University of Virginia Library

Concluding Remark on the Solution of the Transcendental
Mathematical Ideas— and Introductory to the Solution of
the Dynamical Ideas.

We presented the antinomy of pure reason in a tabular form, and we endeavoured to show the ground of this self—contradiction on the part of reason, and the only means of bringing it to a conclusion— znamely, by declaring both contradictory statements to be false. We represented in these antinomies the conditions of phenomena as belonging to the conditioned according to relations of space and time— which is the usual supposition of the common understanding. In this respect, all dialectical representations of totality, in the series of conditions to a given conditioned, were perfectly homogeneous. The condition was always a member of the series along with the conditioned, and thus the homogeneity of the whole series was assured. In this case the regress could never be cogitated as complete; or, if this was the case, a member really conditioned was falsely regarded as a primal member, consequently as unconditioned. In such an antinomy, therefore, we did not consider the object, that is, the conditioned, but the series of conditions belonging to the object, and the magnitude of that series. And thus arose the difficulty— a difficulty not to be settled by any decision regarding the claims of the two parties, but simply by cutting the knot— by declaring the series proposed by reason to be either too long or too short for the understanding, which could in neither case make its conceptions adequate with the ideas.

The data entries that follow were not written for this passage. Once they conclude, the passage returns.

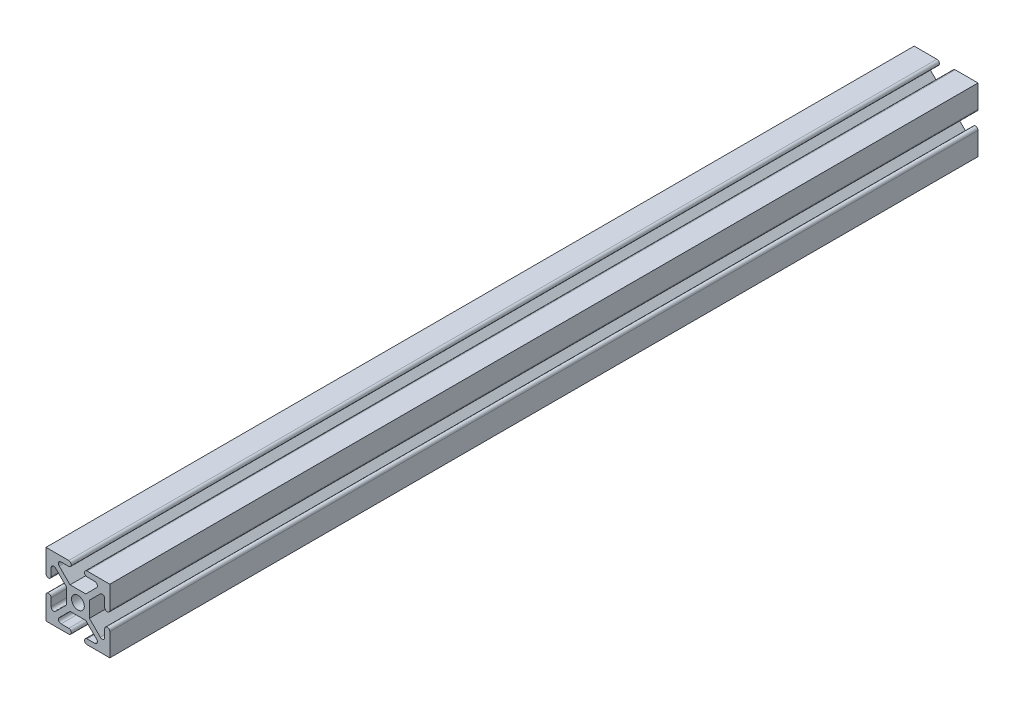
SolidWorks part; units mm, degrees
ref_plane "Front Plane" through (0, 0, 0) normal (0, 0, 1) x (1, 0, 0)
ref_plane "Top Plane" through (0, 0, 0) normal (0, 1, 0) x (1, 0, 0)
ref_plane "Right Plane" through (0, 0, 0) normal (1, 0, 0) x (0, 0, -1)
sketch "Sketch2" plane through (0, 0, 0) normal (0, 0, 1) x (1, 0, 0)
  line L0 (9.4142, 17) -> (5.1716, 21.2426)
  line L5 (9.4142, 17) -> (12.5, 17)
  line L9 (5.8995, 23) -> (8.8995, 23)
  line L10 (8.8995, 25) -> (0, 25)
  line L11 (0, 25) -> (8.8995, 25)
  line L12 (0, 16.1005) -> (0, 25)
  line L13 (2, 19.1005) -> (2, 16.1005)
  line L14 (8, 15.5858) -> (3.7574, 19.8284)
  line L15 (0, 25) -> (35355.3391, -35330.3391) construction
  line L16 (12.5, 12.5) -> (35367.8391, 35367.8391) construction
  line L17 (12.6363, 12.5) -> (50012.6363, 12.5) construction
  line L18 (12.5, 12.3637) -> (12.5, 50012.3637) construction
  line L19 (8, 15.5858) -> (8, 12.5)
  line L20 (9.4142, 8) -> (12.5, 8)
  line L21 (9.4142, 8) -> (5.1716, 3.7574)
  line L22 (5.8995, 2) -> (8.8995, 2)
  line L23 (8.8995, 0) -> (0, 0)
  line L24 (0, 8.8995) -> (0, 0)
  line L25 (2, 5.8995) -> (2, 8.8995)
  line L26 (8, 9.4142) -> (8, 12.5)
  line L27 (8, 9.4142) -> (3.7574, 5.1716)
  line L28 (15.5858, 17) -> (12.5, 17)
  line L29 (15.5858, 17) -> (19.8284, 21.2426)
  line L30 (19.1005, 23) -> (16.1005, 23)
  line L31 (16.1005, 25) -> (25, 25)
  line L32 (25, 16.1005) -> (25, 25)
  line L33 (23, 19.1005) -> (23, 16.1005)
  line L34 (17, 15.5858) -> (21.2426, 19.8284)
  line L35 (17, 15.5858) -> (17, 12.5)
  line L36 (17, 9.4142) -> (17, 12.5)
  line L37 (15.5858, 8) -> (12.5, 8)
  line L38 (17, 9.4142) -> (21.2426, 5.1716)
  line L39 (23, 5.8995) -> (23, 8.8995)
  line L40 (25, 8.8995) -> (25, 0)
  line L41 (16.1005, 0) -> (25, 0)
  line L42 (19.1005, 2) -> (16.1005, 2)
  line L43 (15.5858, 8) -> (19.8284, 3.7574)
  arc A0 (5.1716, 21.2426) -> (5.8995, 23) centre (5.8995, 21.9706) cw
  arc A1 (0, 16.1005) -> (2, 16.1005) centre (1, 16.1005) ccw
  arc A2 (8.8995, 25) -> (8.8995, 23) centre (8.8995, 24) cw
  arc A3 (3.7574, 19.8284) -> (2, 19.1005) centre (3.0294, 19.1005) ccw
  arc A4 (5.1716, 3.7574) -> (5.8995, 2) centre (5.8995, 3.0294) ccw
  arc A5 (8.8995, 0) -> (8.8995, 2) centre (8.8995, 1) ccw
  arc A6 (0, 8.8995) -> (2, 8.8995) centre (1, 8.8995) cw
  arc A7 (3.7574, 5.1716) -> (2, 5.8995) centre (3.0294, 5.8995) cw
  arc A8 (19.8284, 21.2426) -> (19.1005, 23) centre (19.1005, 21.9706) ccw
  arc A9 (16.1005, 25) -> (16.1005, 23) centre (16.1005, 24) ccw
  arc A10 (25, 16.1005) -> (23, 16.1005) centre (24, 16.1005) cw
  arc A11 (21.2426, 19.8284) -> (23, 19.1005) centre (21.9706, 19.1005) cw
  arc A12 (19.8284, 3.7574) -> (19.1005, 2) centre (19.1005, 3.0294) cw
  arc A13 (21.2426, 5.1716) -> (23, 5.8995) centre (21.9706, 5.8995) ccw
  arc A14 (25, 8.8995) -> (23, 8.8995) centre (24, 8.8995) ccw
  arc A15 (16.1005, 0) -> (16.1005, 2) centre (16.1005, 1) cw
  circle A16 centre (12.5, 12.5) radius 2.5
  dimension "D14" = 5
  dimension "D2" = 1.0294
  dimension "D3" = 12.5
  dimension "D4" = 12.5
  dimension "D5" = 17.6777
  dimension "D7" = 45
  dimension "D9" = 12.5
  dimension "D10" = 6
  dimension "D11" = 3
  dimension "D12" = 1
  dimension "D13" = 2
extrude "Boss-Extrude1" add sketch "Sketch2" along normal blind 340 contours A15 L41 L40 A14 L39 A13 L38 L36 L35 L34 A11 L33 A10 L32 L31 A9 L30 A8 L29 L28 L5 L0 A0 L9 A2 L10 L12 A1 L13 A3 L14 L19 L26 L27 A7 L25 A6 L24 L23 A5 L22 A4 L21 L20 L37 L43 A12 L42 A16

But we have overlooked, up to this point, an essential difference existing between the conceptions of the understanding which reason endeavours to raise to the rank of ideas— two of these indicating a mathematical, and two a dynamical synthesis of phenomena. Hitherto, it was necessary to signalize this distinction; for, just as in our general representation of all transcendental ideas, we considered them under phenomenal conditions, so, in the two mathematical ideas, our discussion

is concerned solely with an object in the world of phenomena. But as we are now about to proceed to the consideration of the dynamical conceptions of the understanding, and their adequateness with ideas, we must not lose sight of this distinction. We shall find that it opens up to us an entirely new view of the conflict in which reason is involved. For, while in the first two antinomies, both parties were dismissed, on the ground of having advanced statements based upon false hypothesis; in the present case the hope appears of discovering a hypothesis which may be consistent with the demands of reason, and, the judge completing the statement of the grounds of claim, which both parties had left in an unsatisfactory state, the question may be settled on its own merits, not by dismissing the claimants, but by a comparison of the arguments on both sides. If we consider merely their extension, and whether they are adequate with ideas, the series of conditions may be regarded as all homogeneous. But the conception of the understanding which lies at the basis of these ideas, contains either a synthesis of the homogeneous (presupposed in every quantity— in its composition as well as in its work) or of the heterogeneous, which is the case in the dynamical synthesis of cause and effect, as well as of the necessary and the contingent.

Thus it happens that in the mathematical series of phenomena no other than a sensuous condition is admissible— a condition which is itself a member of the series; while the dynamical series of sensuous conditions admits a heterogeneous condition, which is not a member of the series, but, as purely intelligible, lies out of and beyond it. And thus reason is satisfied, and an unconditioned placed at the head of the series of phenomena, without introducing confusion into or discontinuing it, contrary to the principles of the understanding.

Now, from the fact that the dynamical ideas admit a condition of phenomena which does not form a part of the series of phenomena, arises a result which we should not have expected from an antinomy. In former cases, the result was that both contradictory dialectical statements were declared to be false. In the present case, we find the conditioned in the dynamical series connected with an empirically unconditioned, but non—sensuous condition; and thus satisfaction is done to the understanding on the one hand and to the reason on the

other.* While, moreover, the dialectical arguments for unconditioned totality in mere phenomena fall to the ground, both propositions of reason may be shown to be true in their proper signification. This could not happen in the case of the cosmological ideas which demanded a mathematically unconditioned unity; for no condition could be placed at the head of the series of phenomena, except one which was itself a phenomenon and consequently a member of the series.